Photo by Caroline Delbert

With your completed table, scan through and remove any rows where the left column has an even value. That includes the original term at the very top.

Photo by Caroline Delbert

Now, when you add the remaining terms in the right column, you get the solution.

Photo by Caroline Delbert

The method works for all numbers, and it works either way you arrange your original terms.

Photo by Caroline Delbert

Wait, What's Going On Here?

Johnny Ball presents the method as a fun thing he was taught long ago while hanging out in the “children’s room” of a pub. (Never change, U.K.) The person who taught it to him called it Russian multiplication, and Ball explains that the method originated not in Russia, but thousands of years before in ancient Egypt. And, critically, the method maps to a binary number system.

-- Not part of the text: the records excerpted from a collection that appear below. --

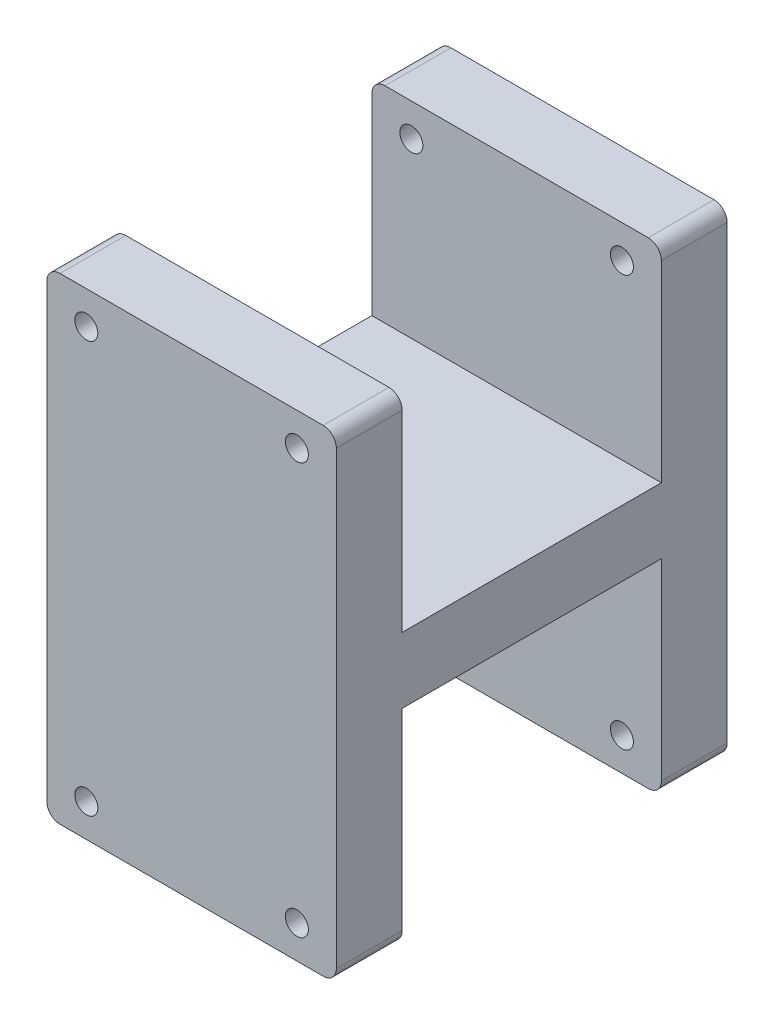
ISO-10303-21;
HEADER;
FILE_DESCRIPTION(('STEP AP214'),'2;1');
FILE_NAME('part.step','',(''),(''),'','','');
FILE_SCHEMA(('AUTOMOTIVE_DESIGN { 1 0 10303 214 1 1 1 1 }'));
ENDSEC;
DATA;
#1=APPLICATION_CONTEXT('core data for automotive mechanical design processes');
#2=APPLICATION_PROTOCOL_DEFINITION('international standard','automotive_design',2000,#1);
#3=PRODUCT_CONTEXT('',#1,'mechanical');
#4=PRODUCT('Part','Part','',(#3));
#5=PRODUCT_RELATED_PRODUCT_CATEGORY('part','',(#4));
#6=PRODUCT_DEFINITION_FORMATION('','',#4);
#7=PRODUCT_DEFINITION_CONTEXT('part definition',#1,'design');
#8=PRODUCT_DEFINITION('design','',#6,#7);
#9=PRODUCT_DEFINITION_SHAPE('','',#8);
#10=(LENGTH_UNIT() NAMED_UNIT(*) SI_UNIT(.MILLI.,.METRE.));
#11=(NAMED_UNIT(*) PLANE_ANGLE_UNIT() SI_UNIT($,.RADIAN.));
#12=(NAMED_UNIT(*) SI_UNIT($,.STERADIAN.) SOLID_ANGLE_UNIT());
#13=UNCERTAINTY_MEASURE_WITH_UNIT(LENGTH_MEASURE(1.E-05),#10,'distance_accuracy_value','');
#14=(GEOMETRIC_REPRESENTATION_CONTEXT(3) GLOBAL_UNCERTAINTY_ASSIGNED_CONTEXT((#13)) GLOBAL_UNIT_ASSIGNED_CONTEXT((#10,
#11,#12)) REPRESENTATION_CONTEXT('',''));
#15=CARTESIAN_POINT('',(0.,0.,0.));
#16=DIRECTION('',(0.,0.,1.));
#17=DIRECTION('',(1.,0.,0.));
#18=AXIS2_PLACEMENT_3D('',#15,#16,#17);
#19=CARTESIAN_POINT('',(-22.,-36.25,59.4));
#20=DIRECTION('',(1.,0.,0.));
#21=DIRECTION('',(0.,0.,-1.));
#22=AXIS2_PLACEMENT_3D('',#19,#20,#21);
#23=PLANE('',#22);
#24=DIRECTION('',(0.,-1.,0.));
#25=VECTOR('',#24,1.);
#26=CARTESIAN_POINT('',(-22.,-36.25,0.));
#27=LINE('',#26,#25);
#28=CARTESIAN_POINT('',(-22.,34.25,0.));
#29=VERTEX_POINT('',#28);
#30=CARTESIAN_POINT('',(-22.,-34.25,0.));
#31=VERTEX_POINT('',#30);
#32=EDGE_CURVE('E279',#29,#31,#27,.T.);
#33=ORIENTED_EDGE('',*,*,#32,.T.);
#34=DIRECTION('',(0.,0.,-1.));
#35=VECTOR('',#34,1.);
#36=CARTESIAN_POINT('',(-22.,-34.25,59.4));
#37=LINE('',#36,#35);
#38=CARTESIAN_POINT('',(-22.,-34.25,10.));
#39=VERTEX_POINT('',#38);
#40=EDGE_CURVE('E330',#31,#39,#37,.F.);
#41=ORIENTED_EDGE('',*,*,#40,.T.);
#42=DIRECTION('',(0.,-1.,0.));
#43=VECTOR('',#42,1.);
#44=CARTESIAN_POINT('',(-22.,0.,10.));
#45=LINE('',#44,#43);
#46=CARTESIAN_POINT('',(-22.,-5.,10.));
#47=VERTEX_POINT('',#46);
#48=EDGE_CURVE('E229',#47,#39,#45,.T.);
#49=ORIENTED_EDGE('',*,*,#48,.F.);
#50=DIRECTION('',(0.,0.,1.));
#51=VECTOR('',#50,1.);
#52=CARTESIAN_POINT('',(-22.,-5.,0.));
#53=LINE('',#52,#51);
#54=CARTESIAN_POINT('',(-22.,-5.00000000000001,49.4));
#55=VERTEX_POINT('',#54);
#56=EDGE_CURVE('E222',#47,#55,#53,.T.);
#57=ORIENTED_EDGE('',*,*,#56,.T.);
#58=DIRECTION('',(0.,-1.,0.));
#59=VECTOR('',#58,1.);
#60=CARTESIAN_POINT('',(-22.,0.,49.4));
#61=LINE('',#60,#59);
#62=CARTESIAN_POINT('',(-22.,-34.25,49.4));
#63=VERTEX_POINT('',#62);
#64=EDGE_CURVE('E225',#55,#63,#61,.T.);
#65=ORIENTED_EDGE('',*,*,#64,.T.);
#66=DIRECTION('',(0.,0.,-1.));
#67=VECTOR('',#66,1.);
#68=CARTESIAN_POINT('',(-22.,-34.25,59.4));
#69=LINE('',#68,#67);
#70=CARTESIAN_POINT('',(-22.,-34.25,59.4));
#71=VERTEX_POINT('',#70);
#72=EDGE_CURVE('E328',#63,#71,#69,.F.);
#73=ORIENTED_EDGE('',*,*,#72,.T.);
#74=DIRECTION('',(0.,-1.,0.));
#75=VECTOR('',#74,1.);
#76=CARTESIAN_POINT('',(-22.,-36.25,59.4));
#77=LINE('',#76,#75);
#78=CARTESIAN_POINT('',(-22.,34.25,59.4));
#79=VERTEX_POINT('',#78);
#80=EDGE_CURVE('E282',#79,#71,#77,.T.);
#81=ORIENTED_EDGE('',*,*,#80,.F.);
#82=DIRECTION('',(0.,0.,-1.));
#83=VECTOR('',#82,1.);
#84=CARTESIAN_POINT('',(-22.,34.25,59.4));
#85=LINE('',#84,#83);
#86=CARTESIAN_POINT('',(-22.,34.25,49.4));
#87=VERTEX_POINT('',#86);
#88=EDGE_CURVE('E326',#79,#87,#85,.T.);
#89=ORIENTED_EDGE('',*,*,#88,.T.);
#90=DIRECTION('',(0.,1.,0.));
#91=VECTOR('',#90,1.);
#92=CARTESIAN_POINT('',(-22.,0.,49.4));
#93=LINE('',#92,#91);
#94=CARTESIAN_POINT('',(-22.,4.99999999999999,49.4));
#95=VERTEX_POINT('',#94);
#96=EDGE_CURVE('E182',#95,#87,#93,.T.);
#97=ORIENTED_EDGE('',*,*,#96,.F.);
#98=DIRECTION('',(0.,0.,1.));
#99=VECTOR('',#98,1.);
#100=CARTESIAN_POINT('',(-22.,5.,0.));
#101=LINE('',#100,#99);
#102=CARTESIAN_POINT('',(-22.,5.,10.));
#103=VERTEX_POINT('',#102);
#104=EDGE_CURVE('E177',#103,#95,#101,.T.);
#105=ORIENTED_EDGE('',*,*,#104,.F.);
#106=DIRECTION('',(0.,1.,0.));
#107=VECTOR('',#106,1.);
#108=CARTESIAN_POINT('',(-22.,0.,10.));
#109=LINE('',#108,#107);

Binary is the common term for what’s technically the base-2 number system, where values are represented by 0 and 1 positioned in powers of 2. Here are a few integers written out as binary values so you can see the value at each position.

Photo by Caroline Delbert

If you‘re noticing that the “halving and doubling” method bears at least a superficial resemblance to how binary values double from column to column, you’re right. Making binary numbers from decimal (base-10) values is kind of like making change: you find the highest denomination that fits your number without going over, then subtract it. Then you find the highest denomination that fits your new number without going over, and subtract that.

Ancient people still had to do math, but imagine calculating even fairly simple things without any scratch paper—or if you were never taught to write. The method most children learn in school, long multiplication, involves many steps with separate products you have to note and recombine later. Halving and doubling let our ancestors use physical counters and do calculations by “making change.”

If you’re like me, you spent much of the Numberphile video wondering if the method was a trick, like that trick that relies on math facts about the number 9 to make sure you guess someone's “secret number” right every time. And maybe you also wondered about exceptions to this method. As far as I can tell, there really are none. Even a power of 2 itself will break down so that you’ve crossed out everything in both columns except the final one—the final “1,” actually—and that single value is your answer.